▸ **Work request**: Across the records, count every line that includes "xscale" and give the number by itself.

━━━ Data supplied ━━━

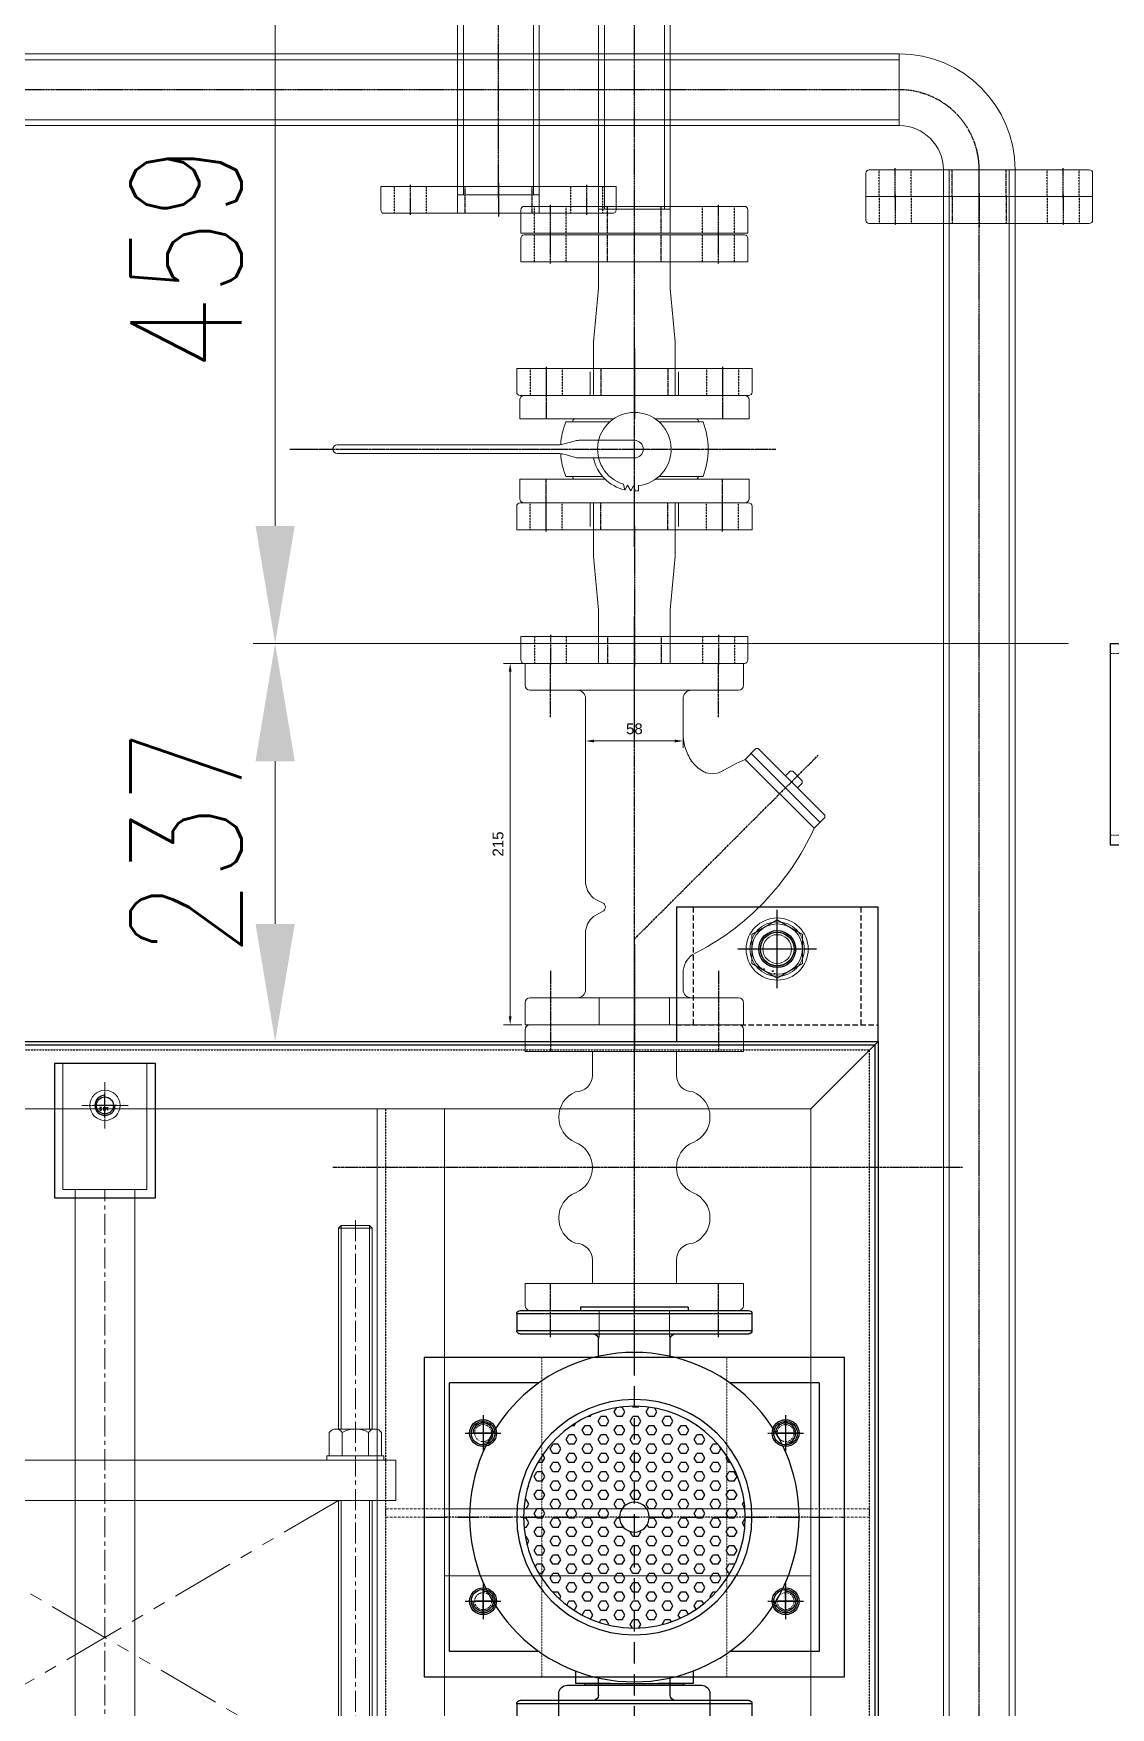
# Model space of a CAD drawing. Header units: millimetres. Extents: x -32759 to 129432, y 390 to 54305.
# Drawn here: x 16147 to 16788, y 27015 to 28011 of the extents above; entities that cross this region are included whole.
import ezdxf

# ---------------------------------------------------------------- set-up
doc = ezdxf.new("R2010")
doc.units = ezdxf.units.MM
for name, pattern in [('CENTER', [2, 1.25, -0.25, 0.25, -0.25]), ('DASHED', [19.05, 12.7, -6.35]), ('HIDDEN', [0.375, 0.25, -0.125]), ('HIDDEN2', [4.7625, 3.175, -1.5875]), ('PHANTOM', [2.5, 1.25, -0.25, 0.25, -0.25, 0.25, -0.25])]:
    doc.linetypes.add(name, pattern=pattern)
for name, color, linetype in [('01a', 8, 'Continuous'), ('01d', 211, 'Continuous'), ('08a', 11, 'Continuous'), ('1', 20, 'Continuous'), ('2', 2, 'DASHED'), ('3', 5, 'Continuous'), ('65A_65A_10K-FF', 7, 'Continuous'), ('BOM-UDEF', 3, 'Continuous'), ('CENTER', 1, 'CENTER'), ('CL', 1, 'CENTER'), ('FL', 3, 'Continuous'), ('HL', 2, 'HIDDEN'), ('OUTLINE', 7, 'Continuous'), ('PL', 5, 'PHANTOM'), ('RD', 5, 'Continuous'), ('외형선', 3, 'Continuous')]:
    doc.layers.add(name, color=color, linetype=linetype)
for name, color, linetype, lineweight in [('02 숨은선', 2, 'HIDDEN', 15), ('2은선', 2, 'HIDDEN', 18), ('_BODY', 7, 'Continuous', 13)]:
    doc.layers.add(name, color=color, linetype=linetype, lineweight=lineweight)
doc.styles.add('ROAMNS', font='romans.shx', dxfattribs={"width": 0.8, "bigfont": 'whgtxt.shx'})
doc.styles.get("Standard").update_dxf_attribs({"font": 'arial.ttf'})
doc.styles.add('한글', font='romans.shx', dxfattribs={"height": 4, "bigfont": 'whgtxt.shx'})
doc.dimstyles.new('20 작은 한덕_도면칫수', dxfattribs={"dimscale": 20, "dimtxt": 3.3, "dimasz": 3.5, "dimexe": 0.65, "dimexo": 1.25, "dimgap": 1, "dimtad": 1, "dimdec": 0, "dimdsep": 46, "dimtxsty": 'ROAMNS', "dimcen": 0, "dimclrd": 7, "dimclre": 7, "dimclrt": 2, "dimadec": 0, "dimazin": 2, "dimtp": 0.1, "dimtm": 0.1, "dimtfac": 0.71, "dimtdec": 0, "dimtmove": 0, "dimatfit": 3, "dimfxl": 1, "dimlwd": -1, "dimlwe": -1, "dimarcsym": 1})
doc.dimstyles.new('PS-2', dxfattribs={"dimscale": 2, "dimtxt": 3.2, "dimasz": 2.5, "dimexe": 2, "dimexo": 2.5, "dimgap": 2, "dimtad": 1, "dimtoh": 1, "dimrnd": 0.05, "dimzin": 12, "dimdsep": 46, "dimtxsty": 'Standard', "dimcen": 0, "dimclrt": 2, "dimazin": 3, "dimtfac": 1, "dimtofl": 0, "dimtmove": 0, "dimatfit": 3, "dimfxl": 0.18, "dimtolj": 1, "dimtzin": 0, "dimarcsym": 0})

# ---------------------------------------------------------------- blocks, each defined once
blk = doc.blocks.new('A$C20826636')
at = {"ltscale": 0.5}
for p, q in [((2, 48.6), (202, 48.6)), ((2, 0), (2, 48.6)), ((2, 45.1), (202, 45.1)), ((202, 48.6), (202, 0)), ((2, 3.5), (202, 3.5)), ((202, 0), (2, 0))]:
    blk.add_line(p, q, dxfattribs=at)
at = {"layer": 'CL', "ltscale": 0.5}
blk.add_line((0, 24.3), (204, 24.3), dxfattribs=at)
blk = doc.blocks.new('A$C351C1466')
at = {"ltscale": 0.5}
for p, q in [((2, 140), (2, 0)), ((16, 140), (2, 140)), ((18, 2), (18, 138)), ((2, 94.3), (18, 94.3)), ((2, 45.7), (18, 45.7)), ((2, 0), (16, 0))]:
    blk.add_line(p, q, dxfattribs=at)
for centre, start, end in [((16, 138), 0, 90), ((16, 2), 270, 0)]:
    blk.add_arc(centre, 2, start, end, dxfattribs=at)
at = {"layer": 'CL', "ltscale": 0.5}
for p, q in [((1, 122.5), (19, 122.5)), ((0, 70), (20, 70)), ((1, 17.5), (19, 17.5))]:
    blk.add_line(p, q, dxfattribs=at)
at = {"layer": 'HL', "ltscale": 0.5}
for p, q in [((2, 132), (18, 132)), ((2, 113), (18, 113)), ((2, 27), (18, 27)), ((2, 8), (18, 8))]:
    blk.add_line(p, q, dxfattribs=at)
at = {"layer": 'PL', "ltscale": 0.5}
for p, q in [((2, 90), (18, 90)), ((2, 50), (18, 50))]:
    blk.add_line(p, q, dxfattribs=at)
blk = doc.blocks.new('asdfsafsda')
at = {"ltscale": 0.5, "xscale": -1, "rotation": 270}
blk.add_blockref('A$C351C1466', (336641.21, 64101.37), dxfattribs=at)
at = {"ltscale": 0.5, "rotation": 270}
blk.add_blockref('A$C20826636', (336686.91, 64110.37), dxfattribs=at)
blk = doc.blocks.new('sdfgsdgfdgd')
at = {"ltscale": 0.5}
blk.add_circle((489855.87, 297052.91), 6.92, dxfattribs=at)
at = {"layer": 'CL', "ltscale": 0.5}
for p, q in [((489855.87, 297061.91), (489855.87, 297043.91)), ((489846.87, 297052.91), (489864.87, 297052.91))]:
    blk.add_line(p, q, dxfattribs=at)
at = {"layer": 'FL', "color": 1, "ltscale": 0.5}
blk.add_arc((489855.87, 297052.91), 8, 270, 180, dxfattribs=at)
at = {"color": 2, "style": '한글'}
blk.add_text('M16', height=2.4, dxfattribs=at).set_placement((489853.51, 297053.08))
blk = doc.blocks.new('sdfgsdfsdgsd')
at = {"color": 2, "linetype": 'HIDDEN2', "ltscale": 0.5}
blk.add_line((490032.21, 296995.07), (490032.21, 297115.07), dxfattribs=at)
at = {"ltscale": 0.5}
blk.add_line((490042.21, 296995.07), (490042.21, 297115.07), dxfattribs=at)
at = {"layer": '외형선'}
for p, q in [((490042.21, 297115.07), (489962.21, 297115.07)), ((489962.21, 297115.07), (489962.21, 296995.07)), ((489962.21, 296995.07), (490042.21, 296995.07))]:
    blk.add_line(p, q, dxfattribs=at)
blk.add_blockref('sdfgsdgfdgd', (131.34, 2.16))
blk = doc.blocks.new('cvbncncvbcn')
at = {"ltscale": 0.5}
for p, q in [((490334.81, 296974.85), (490334.81, 296980.85)), ((490334.81, 296980.85), (490404.81, 296980.85)), ((490392.81, 296974.85), (490392.81, 296980.85)), ((490404.81, 296974.85), (490404.81, 296980.85)), ((490334.81, 296974.85), (490404.81, 296974.85))]:
    blk.add_line(p, q, dxfattribs=at)
blk = doc.blocks.new('ASFDASFDDFAS')
blk.add_blockref('sdfgsdfsdgsd', (21.32, -380.45))
at = {"layer": '2은선', "xscale": -1, "rotation": 180}
blk.add_blockref('cvbncncvbcn', (-351.28, 593709.48), dxfattribs=at)
at = {"layer": '2은선'}
blk.add_blockref('cvbncncvbcn', (-351.28, -360.22), dxfattribs=at)
blk = doc.blocks.new('sdfgfdsgfdggsdfg')
at = {"xscale": -1, "rotation": 90}
blk.add_blockref('ASFDASFDDFAS', (809580.64, 787807.25), dxfattribs=at)
blk = doc.blocks.new('SDFGSDFGFSDGSDG')
at = {"color": 7}
for p, q in [((341282.68, 45572.34), (341282.68, 45472.34)), ((341282.68, 45572.34), (341357.68, 45572.34)), ((341357.68, 45226.34), (341357.68, 45572.34)), ((341282.68, 45472.34), (341357.68, 45472.34)), ((341724.68, 45424.34), (341799.68, 45424.34)), ((341799.68, 45374.34), (341799.68, 45424.34)), ((341724.68, 45374.34), (341799.68, 45374.34)), ((341282.68, 45326.34), (341357.68, 45326.34)), ((341282.68, 45326.34), (341282.68, 45226.34)), ((341282.68, 45226.34), (341357.68, 45226.34))]:
    blk.add_line(p, q, dxfattribs=at)
at = {"color": 7, "linetype": 'Continuous'}
for p, q in [((341357.68, 45572.34), (341381.68, 45572.34)), ((341381.68, 45226.34), (341381.68, 45572.34)), ((341539.68, 45572.34), (341563.68, 45572.34)), ((341539.68, 45572.34), (341539.68, 45226.34)), ((341563.68, 45572.34), (341563.68, 45226.34)), ((341724.68, 45424.34), (341724.68, 45374.34)), ((341539.68, 45417.02), (341381.68, 45417.02)), ((341724.68, 45417.02), (341508.68, 45417.02)), ((341539.68, 45381.66), (341381.68, 45381.66)), ((341724.68, 45381.66), (341508.68, 45381.66)), ((341357.68, 45226.34), (341381.68, 45226.34)), ((341539.68, 45226.34), (341563.68, 45226.34))]:
    blk.add_line(p, q, dxfattribs=at)
for p, q in [((341539.68, 45558.34), (341381.68, 45558.34)), ((341566.11, 45565.34), (341563.68, 45565.34)), ((341566.11, 45531.34), (341566.11, 45565.34)), ((341580.06, 45563.93), (341566.11, 45563.93)), ((341582.11, 45536.65), (341582.11, 45560.03)), ((341701.68, 45558.34), (341582.11, 45558.34)), ((341701.68, 45558.34), (341703.18, 45556.84)), ((341580.06, 45556.13), (341566.11, 45556.13)), ((341703.18, 45556.84), (341703.18, 45548.34)), ((341703.18, 45539.84), (341703.18, 45548.34)), ((341703.18, 45539.84), (341703.18, 45548.34)), ((341539.68, 45538.34), (341381.68, 45538.34)), ((341580.06, 45540.54), (341566.11, 45540.54)), ((341701.68, 45538.34), (341582.11, 45538.34)), ((341701.68, 45538.34), (341703.18, 45539.84)), ((341566.11, 45531.34), (341563.68, 45531.34)), ((341580.06, 45532.75), (341566.11, 45532.75)), ((341539.68, 45260.34), (341381.68, 45260.34)), ((341566.11, 45267.34), (341563.68, 45267.34)), ((341566.11, 45267.34), (341566.11, 45233.34)), ((341580.06, 45265.93), (341566.11, 45265.93)), ((341582.11, 45262.03), (341582.11, 45238.65)), ((341701.68, 45260.34), (341582.11, 45260.34)), ((341701.68, 45260.34), (341703.18, 45258.84)), ((341703.18, 45258.84), (341703.18, 45250.34)), ((341703.18, 45258.84), (341703.18, 45250.34)), ((341580.06, 45258.13), (341566.11, 45258.13)), ((341703.18, 45241.84), (341703.18, 45250.34)), ((341539.68, 45240.34), (341381.68, 45240.34)), ((341580.06, 45242.54), (341566.11, 45242.54)), ((341701.68, 45240.34), (341582.11, 45240.34)), ((341701.68, 45240.34), (341703.18, 45241.84)), ((341566.11, 45233.34), (341563.68, 45233.34)), ((341580.06, 45234.75), (341566.11, 45234.75))]:
    blk.add_line(p, q)
at = {"color": 1}
for p, q in [((341701.68, 45558.34), (341701.68, 45548.34)), ((341539.68, 45556.84), (341381.68, 45556.84)), ((341703.18, 45556.84), (341582.11, 45556.84)), ((341701.68, 45538.34), (341701.68, 45548.34)), ((341539.68, 45539.84), (341381.68, 45539.84)), ((341703.18, 45539.84), (341582.11, 45539.84)), ((341539.68, 45258.84), (341381.68, 45258.84)), ((341703.18, 45258.84), (341582.11, 45258.84)), ((341701.68, 45260.34), (341701.68, 45250.34)), ((341701.68, 45240.34), (341701.68, 45250.34)), ((341539.68, 45241.84), (341381.68, 45241.84)), ((341703.18, 45241.84), (341582.11, 45241.84))]:
    blk.add_line(p, q, dxfattribs=at)
at = {"color": 1, "linetype": 'CENTER', "ltscale": 10}
for p, q in [((341706.42, 45548.34), (341357.68, 45548.34)), ((341357.68, 45399.34), (341724.68, 45399.34)), ((341706.42, 45250.34), (341357.68, 45250.34))]:
    blk.add_line(p, q, dxfattribs=at)
at = {"color": 6, "linetype": 'PHANTOM', "ltscale": 30}
for p, q in [((341381.68, 45268.96), (341539.68, 45538.34)), ((341539.68, 45260.34), (341381.68, 45529.71))]:
    blk.add_line(p, q, dxfattribs=at)
at = {"color": 1, "linetype": 'CENTER'}
for p, q in [((341317.68, 45508.49), (341317.68, 45536.19)), ((341303.83, 45522.34), (341331.53, 45522.34)), ((341774.68, 45385.49), (341774.68, 45413.19)), ((341788.53, 45399.34), (341760.83, 45399.34)), ((341317.68, 45262.49), (341317.68, 45290.19)), ((341303.83, 45276.34), (341331.53, 45276.34))]:
    blk.add_line(p, q, dxfattribs=at)
at = {"color": 4}
for centre in [(341317.68, 45522.34), (341774.68, 45399.34), (341317.68, 45276.34)]:
    blk.add_circle(centre, 9, dxfattribs=at)
for centre, radius, start, end in [((341577.39, 45560.03), 4.72, 304.36445, 55.63555), ((341566.31, 45548.34), 15.8, 330.4421, 29.5579), ((341577.39, 45536.65), 4.72, 304.36445, 55.63555), ((341577.39, 45262.03), 4.72, 304.36445, 55.63555), ((341566.31, 45250.34), 15.8, 330.4421, 29.5579), ((341577.39, 45238.65), 4.72, 304.36445, 55.63555)]:
    blk.add_arc(centre, radius, start, end)
at = {"color": 0, "linetype": 'ByBlock'}
for p in [(341282.68, 45572.34), (341357.68, 45572.34), (341724.68, 45424.34), (341799.68, 45374.34), (341799.68, 45374.34)]:
    blk.add_point(p, dxfattribs=at)
at = {"color": 1, "linetype": 'CENTER'}
blk.add_point((341774.68, 45388.04), dxfattribs=at)
at = {"color": 3, "linetype": 'ByBlock'}
blk.add_point((341799.68, 45374.34), dxfattribs=at)
blk.add_point((341799.68, 45374.34), dxfattribs=at)
blk.add_point((341799.68, 45374.34), dxfattribs=at)
at = {"layer": '65A_65A_10K-FF', "color": 7, "linetype": 'Continuous'}
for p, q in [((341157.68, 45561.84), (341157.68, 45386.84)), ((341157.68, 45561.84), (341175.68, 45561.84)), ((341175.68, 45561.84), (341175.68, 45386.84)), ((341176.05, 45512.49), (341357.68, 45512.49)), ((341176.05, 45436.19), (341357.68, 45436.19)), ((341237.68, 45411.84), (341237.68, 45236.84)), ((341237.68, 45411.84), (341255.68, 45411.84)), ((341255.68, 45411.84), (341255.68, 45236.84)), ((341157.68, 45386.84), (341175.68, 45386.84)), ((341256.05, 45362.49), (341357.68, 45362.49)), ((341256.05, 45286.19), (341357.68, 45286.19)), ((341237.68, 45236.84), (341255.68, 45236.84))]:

━━━

▸ **Response box**: 3